Air Force Members Win Again: Court of Appeals Upholds Ohio Judge and Protects Right to Religious Exemptions
From COVID-19 Vaccine
On August 2, we reported on the Ohio US District Court judge who found that the Air Force was systematically subverting the process for religious exemption requests for the COVID-19 vaccine. Now, on November 29, the Sixth Circuit Court of Appeals has upheld this decision in a win for health and religious freedom. Siri Glimstad, one of the law firms suing the Air Force, issued a press release the same day describing this important ruling: They note that the appeals court upheld both class action certification and a class-wide national injunction that is protecting over 10,000 Air Force members from “being punished and separated.” The press release quotes the appellate court as stating that under the Religious Freedom Restoration Act (RFRA), “the Air Force wrongly relied on its ‘broadly formulated’ reasons for the vaccine mandate to deny specific exemptions to the Plaintiffs, especially since it has granted secular exemptions to their colleagues.” The Court went on, “[t]he Plaintiffs have offered ‘[s]ignificant proof’—indeed, the evidence is undisputed—that the Air Force has a ‘uniform’ practice of denying religious exemptions to anyone who wants to remain in the service.” (Italics added.)
10,000 Religious Exemption Requests
The appellate opinion by Judge Eric E. Murphy in this case of Doster v. Kendall shows us that the rule of law may yet survive the COVID-19 era. Murphy states that over 500,000 Air Force service members were ordered to get the COVID-19 vaccine, and that, “Some 10,000 members with a wide array of duties have requested religious exemptions from this mandate.” He goes on, “The Air Force has granted only about 135 of these requests and only to those already planning to leave the service.

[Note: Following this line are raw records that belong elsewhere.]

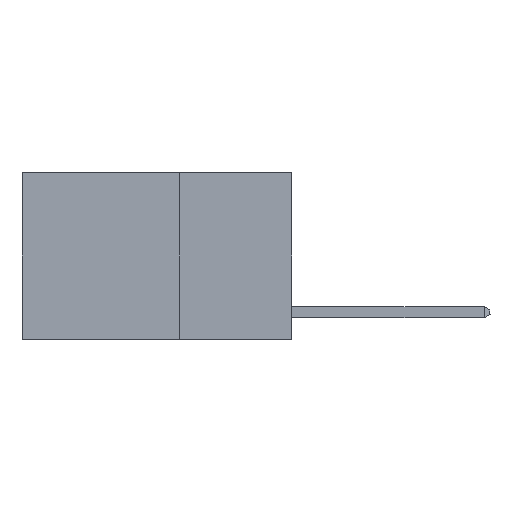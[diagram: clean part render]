
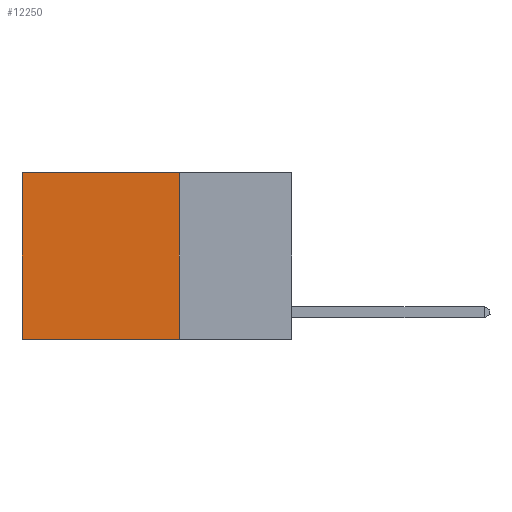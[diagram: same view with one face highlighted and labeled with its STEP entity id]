
A CAD part, left-side view. The second image highlights one B-rep face of the part: STEP entity #12250.
In plain terms, the highlighted planar face has unit normal (-1, 0, 0).
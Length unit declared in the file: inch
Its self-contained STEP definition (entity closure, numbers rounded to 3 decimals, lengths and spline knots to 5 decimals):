
#1088 = LINE ( 'NONE', #6003, #6088 ) ;
#1723 = CARTESIAN_POINT ( 'NONE',  ( 0.2625, 0.6, 0. ) ) ;
#3058 = LINE ( 'NONE', #6823, #8097 ) ;
#3294 = CARTESIAN_POINT ( 'NONE',  ( 0.2625, 0.25, 0. ) ) ;
#4037 = EDGE_CURVE ( 'NONE', #5511, #13608, #1088, .T. ) ;
#5026 = CARTESIAN_POINT ( 'NONE',  ( 0.2625, 0.6, -0.37 ) ) ;
#5499 = ORIENTED_EDGE ( 'NONE', *, *, #4037, .T. ) ;
#5511 = VERTEX_POINT ( 'NONE', #12857 ) ;
#5633 = LINE ( 'NONE', #6827, #9004 ) ;
#5864 = LINE ( 'NONE', #3294, #8043 ) ;
#6003 = CARTESIAN_POINT ( 'NONE',  ( 0.2625, 0.25, 0. ) ) ;
#6088 = VECTOR ( 'NONE', #10864, 39.37008 ) ;
#6763 = VERTEX_POINT ( 'NONE', #11214 ) ;
#6823 = CARTESIAN_POINT ( 'NONE',  ( 0.2625, 0.25, -0.37 ) ) ;
#6827 = CARTESIAN_POINT ( 'NONE',  ( 0.2625, 0.6, 0. ) ) ;
#6874 = EDGE_CURVE ( 'NONE', #6763, #13432, #3058, .T. ) ;
#7635 = EDGE_LOOP ( 'NONE', ( #12717, #11937, #15290, #5499 ) ) ;
#8043 = VECTOR ( 'NONE', #10882, 39.37008 ) ;
#8097 = VECTOR ( 'NONE', #8910, 39.37008 ) ;
#8331 = EDGE_CURVE ( 'NONE', #5511, #6763, #5864, .T. ) ;
#8840 = DIRECTION ( 'NONE',  ( 0., 0., -1. ) ) ;
#8910 = DIRECTION ( 'NONE',  ( 0., 1., 0. ) ) ;
#9004 = VECTOR ( 'NONE', #11682, 39.37008 ) ;
#9408 = EDGE_CURVE ( 'NONE', #13608, #13432, #5633, .T. ) ;
#9653 = PLANE ( 'NONE',  #13878 ) ;
#10864 = DIRECTION ( 'NONE',  ( 0., 1., 0. ) ) ;
#10882 = DIRECTION ( 'NONE',  ( 0., 0., -1. ) ) ;
#11214 = CARTESIAN_POINT ( 'NONE',  ( 0.2625, 0.25, -0.37 ) ) ;
#11682 = DIRECTION ( 'NONE',  ( 0., 0., -1. ) ) ;
#11937 = ORIENTED_EDGE ( 'NONE', *, *, #6874, .F. ) ;
#12250 = ADVANCED_FACE ( 'NONE', ( #15632 ), #9653, .F. ) ;
#12717 = ORIENTED_EDGE ( 'NONE', *, *, #9408, .T. ) ;
#12857 = CARTESIAN_POINT ( 'NONE',  ( 0.2625, 0.25, 0. ) ) ;
#13239 = CARTESIAN_POINT ( 'NONE',  ( 0.2625, 0.25, 0. ) ) ;
#13432 = VERTEX_POINT ( 'NONE', #5026 ) ;
#13608 = VERTEX_POINT ( 'NONE', #1723 ) ;
#13878 = AXIS2_PLACEMENT_3D ( 'NONE', #13239, #14504, #8840 ) ;
#14504 = DIRECTION ( 'NONE',  ( 1., 0., 0. ) ) ;
#15290 = ORIENTED_EDGE ( 'NONE', *, *, #8331, .F. ) ;
#15632 = FACE_OUTER_BOUND ( 'NONE', #7635, .T. ) ;

Yet it has granted thousands of other exemptions for medical reasons (such as a pregnancy or allergy) or administrative reasons (such as a looming retirement).”
Christian and Buddhist Beliefs Implicated
Most of the named plaintiffs objected to the COVID-19 vaccines based on the use of aborted fetal cell lines in testing and development of the products. Plaintiff Doster listed this factor in explaining why the vaccine would impede his beliefs as a “Born-Again Christian.” And Lieutenant Colonel Jason Anderson, another plaintiff, put forth,“that his Buddhist faith prohibited him from presently taking a vaccine.”A military chaplain had recommended giving Doster an exemption due to overwhelming evidence of sincerity, such as Doster leading a men’s worship group at the Air Force Academy and reporting that his wife is employed “at a pro-life, non-profit organization.”
What is the Religious Freedom Restoration Act?
The RFRA was a response by the Congress when the Supreme Court altered its interpretation of the Free Exercise Clause of the First Amendment. The high court had previously said that laws which substantially burden religion must pass a “strict scrutiny” test. But in a 1990 decision, the Court ruled differently and held, “that neutral and generally applicable laws categorically comport with the Free Exercise Clause.” With the RFRA, the US Congress aimed to restore the strict-scrutiny test. Spelling out this test, RFRA states the government must show both a compelling interest and that it used the least restrictive means available to achieve its purpose to justify a law implicating religious practice.
Air Force’s Arguments Confirm a Class-Wide Common Question
In the course of the court’s decision, Murphy reviewed and rejected many arguments made by government attorneys; a few examples follow. The Air Force argued that it had not been discriminatory in denying religious exemptions because religious exemptions are “supposedly” permanent while other exemptions are supposedly temporary. Judge Murphy notes that if the Air Force can show the different exemptions are not “comparable” it might be able to justify different treatment under both the First Amendment and the RFRA. But the Air Force’s reliance on a “common answer” to justify disparate treatment of the entire class of vaccine reluctant service member only “confirms that the Plaintiffs raise a common question.”
RFRA Not a Second-Class Civil Rights Law
Next, the Air Force argued that even if it followed the practices and policies pointed to by the plaintiffs, it did not violate the RFRA. Remarkably, the Air Force said that the RFRA “gets triggered only in judicial proceedings, at which point it must come up with sufficient justifications for its actions under strict scrutiny.” At oral argument the Air Force attorneys stated, “more or less yes” to the question of whether they held a view that, “[it does] not have to worry about RFRA until somebody sues.” But Murphy’s opinion responded that,“We see nothing in RFRA’s text that makes the law a second-class civil-rights statute in the way that the Air Force claims. That text imposes a categorical limit on government: it ‘shall not substantially burden a person’s exercise of religion’ unless it can satisfy strict scrutiny.” (Italics added.)